I'm having difficulty resuming my Precision 5510 after suspending.  I'm currently using the Intel GPU for primary graphics output and the Nvidia through bumblebee as needed.  I'm running gentoo-sources:4.6.3.

I'm able to put the laptop to sleep either with a lid trigger or by calling pm-suspend (I'm using openRC instead of systemd so I'm still using pm-utils to suspend.)  The machine goes to sleep reliably and will wake up but with odd behavior of the backlight upon resuming.  Adjusting the backlight with the hotkeys, a slider widget or by directly echoing values into /sys/class/backlight/intel_backlight/brightness will not adjust the backlight.  The hotkeys will still trigger the OSD to react as if brightness is being lowered.  However, once I hit the bottom of the brightness scale or echo "0" into the sysfs node, the backlight will turn off and can be turned on again.
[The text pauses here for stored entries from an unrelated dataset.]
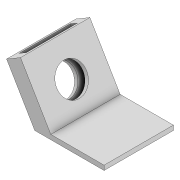
# Autodesk Inventor part: vtail_wing_piece
Saved by Autodesk Inventor 2022 (Build 260153000, 153)
## iProperties
Created: 2022-05-19
Part Number: vtail_wing_piece
Material: Generic
Document SubType Name: Modeling
Designer: Thomas
Density: 1 g/cm^3
Appearance: Default
Author: Thomas
Autodesk Inventor part; units mm, degrees
ref_plane "YZ Plane" through (0, 0, 0) normal (1, 0, 0) x (0, 1, 0)
ref_plane "XZ Plane" through (0, 0, 0) normal (0, 1, 0) x (-1, 0, 0)
ref_plane "XY Plane" through (0, 0, 0) normal (0, 0, 1) x (1, 0, 0)
sketch "Sketch1" plane through (0, 0, 0) normal (0, 0, 1) x (1, 0, 0)
  line L0 (0, 0) -> (30, 0)
  line L1 (0, 0) -> (-12.1809, 20.6791)
  line L2 (0, 0) -> (24, 0) construction
  line L3 (-12.1809, 20.6791) -> (-6.1495, 24.2319)
  line L4 (30, 0) -> (30, 2)
  line L5 (30, 2) -> (6.9461, 2)
  line L6 (6.9461, 2) -> (-6.1495, 24.2319)
  dimension "d0" = 30
  dimension "d1" = 24
  dimension "d2" = 120.5
  dimension "d3" = 7
  dimension "d4" = 2
  constraints: 14 end point, 3 perpendicular, 2 horizontal, 1 equal length, 1 vertical
  measures "d0" distance of L0.start L0.end
  measures "d1" distance of L0.start L1.end
  measures "d2" angle of L2 L1
  measures "d3" distance of L1.end L3.end
  measures "d4" distance of L0.end L4.end
extrude "Extrusion1" add sketch "Sketch1" along normal blind 30
sketch "Sketch2" plane through (-12.1809, 20.6791, 30) normal (-0.5075384, 0.8616292, 0) x (0.8616292, 0.5075384, 0)
  line L0 (1.75, 26) -> (5.25, 26)
  line L1 (5.25, 26) -> (5.25, 4)
  line L2 (5.25, 4) -> (1.75, 4)
  line L3 (1.75, 4) -> (1.75, 26)
  line L4 (7, 30) -> (7, 0) projected
  line L5 (0, 30) -> (0, 0) projected
  line L6 (7, 0) -> (0, 0) projected
  line L7 (7, 30) -> (0, 30) projected
  dimension "d7" = 22
  dimension "d8" = 3.5
  dimension "d9" = 7
  dimension "d10" = 30
  dimension "d11" = 4
  dimension "d12" = 1.75
  constraints: 8 end point, 2 parallel, 1 horizontal, 1 perpendicular
  measures "d7" distance of L0.end L1.end
  measures "d8" distance of L1.end L2.end
  measures "d9" distance between parallel lines of L4 L5
  measures "d10" distance between parallel lines of L6 L7
  measures "d11" distance between parallel lines of L0 L7
  measures "d12" distance between parallel lines of L5 L3
extrude "Extrusion2" cut sketch "Sketch2" against normal through all contours L0 L1 L2 L3
sketch "Sketch3" plane through (0, 0, 0) normal (-0.8616292, -0.5075384, 0) x (0, 0, 1)
  circle A0 centre (15, 10) radius 6.5
  line L0 (30, 24) -> (30, 0) projected
  line L1 (0, 24) -> (0, 0) projected
  line L2 (0, 24) -> (30, 24) projected
  dimension "d15" = 13
  dimension "d16" = 30
  dimension "d17" = 15
  dimension "d18" = 14
  constraints: 1 centre point
  measures "d15" diameter of A0
  measures "d16" distance between parallel lines of L0 L1
  measures "d17" distance from line of L1 A0.centre
  measures "d18" distance from line of L2 A0.centre
extrude "Extrusion3" cut sketch "Sketch3" against normal through all
equation "\"d11\" = -0.5 * d7 + 0.5 * d10"
equation "\"d12\" = -0.5 * d8 + 0.5 * d9"
equation "\"d17\" = 0.5 * d16"
body "Solid1"

Unfortunately, there's a second side effect that I've seen from this odd suspend behavior.  Once I have suspended and resumed the computer, I won't be able to use the hotkeys to adjust brightness after rebooting the computer.  Echoing into sysfs or using GUI widget slider will adjust the backlight but the hotkeys will not react or trigger events in X (including when I test with xev).  However, the backlight and keys still work because I am able to adjust the backlight during POST and the bootloader, it is only after the kernel initializes that I lose control.  I am yet to be able to isolate how it is that I regain hotkey usage again, but after some combination of suspends, resumes and reboots, I'm usually able to get things working again, but it's a frustrating procedure since I can't reproduce it reliably.

Does anyone have any thoughts on what might be going on here or how I might be able to properly re-initialize the backlight?  This seems to be the only problem that I am still having and it is quite vexing.  This doesn't seem to happen with systemd based suspend and resume, but I'm yet to test it exhaustively.  Has anyone else encountered a similar issue?

I'm on the most recent BIOS and am booting using legacy boot instead of EFI should that be relevant.  I've also tried the different quirks available to pm-utils to no avail and have also tried passing "acpi_osi=Linux/!Windows 2012 and acpi_backlight=vendor/native/video in all combinations but to no avail.  vbetool stops functioning after I resume from suspend and will respond to any attempted usage with "Real mode call failed".

----------

## SXShaX

Hey friends I have seen your reply in my post! I'm using 5510 with gentoo and systemd and nothing incorrect with suspend, however I found my NVIDIA card have some trouoble... I also use bumblebee and seems it's normal. Reading the dmesg I found bbswitch closed the NVIDIA card after booting as it was supposed. However, after use optirun to run someting, bbswitch won't close NVIDIA card automatically, still I can disable it via "sudo rmmod nvidia_modeset nvidia && sudo tee /proc/acpi/bbswitch <<<OFF". But it seems a bbswitch's job. Do you know where the problem is?

----------

## SXShaX

Plus once my fan starts work, it won't stop, instead it just keep working in a lowest mode, is this fine?

----------

## ]grimm[

 *SXShaX wrote:*   

> Hey friends I have seen your reply in my post! I'm using 5510 with gentoo and systemd and nothing incorrect with suspend, however I found my NVIDIA card have some trouoble... I also use bumblebee and seems it's normal. Reading the dmesg I found bbswitch closed the NVIDIA card after booting as it was supposed. However, after use optirun to run someting, bbswitch won't close NVIDIA card automatically, still I can disable it via "sudo rmmod nvidia_modeset nvidia && sudo tee /proc/acpi/bbswitch <<<OFF". But it seems a bbswitch's job. Do you know where the problem is?

 

My understanding is that correcting this behavior is something that's actively under development from the Bumblebee team.  I've been following these issues:

https://github.com/Bumblebee-Project/Bumblebee/pull/762

https://github.com/Bumblebee-Project/Bumblebee/issues/719

It seems like the latest changes have been merged into git but I haven't tested them out yet.  I'm afraid I only occasionally use my Nvidia card, so I haven't been tracking this too closely.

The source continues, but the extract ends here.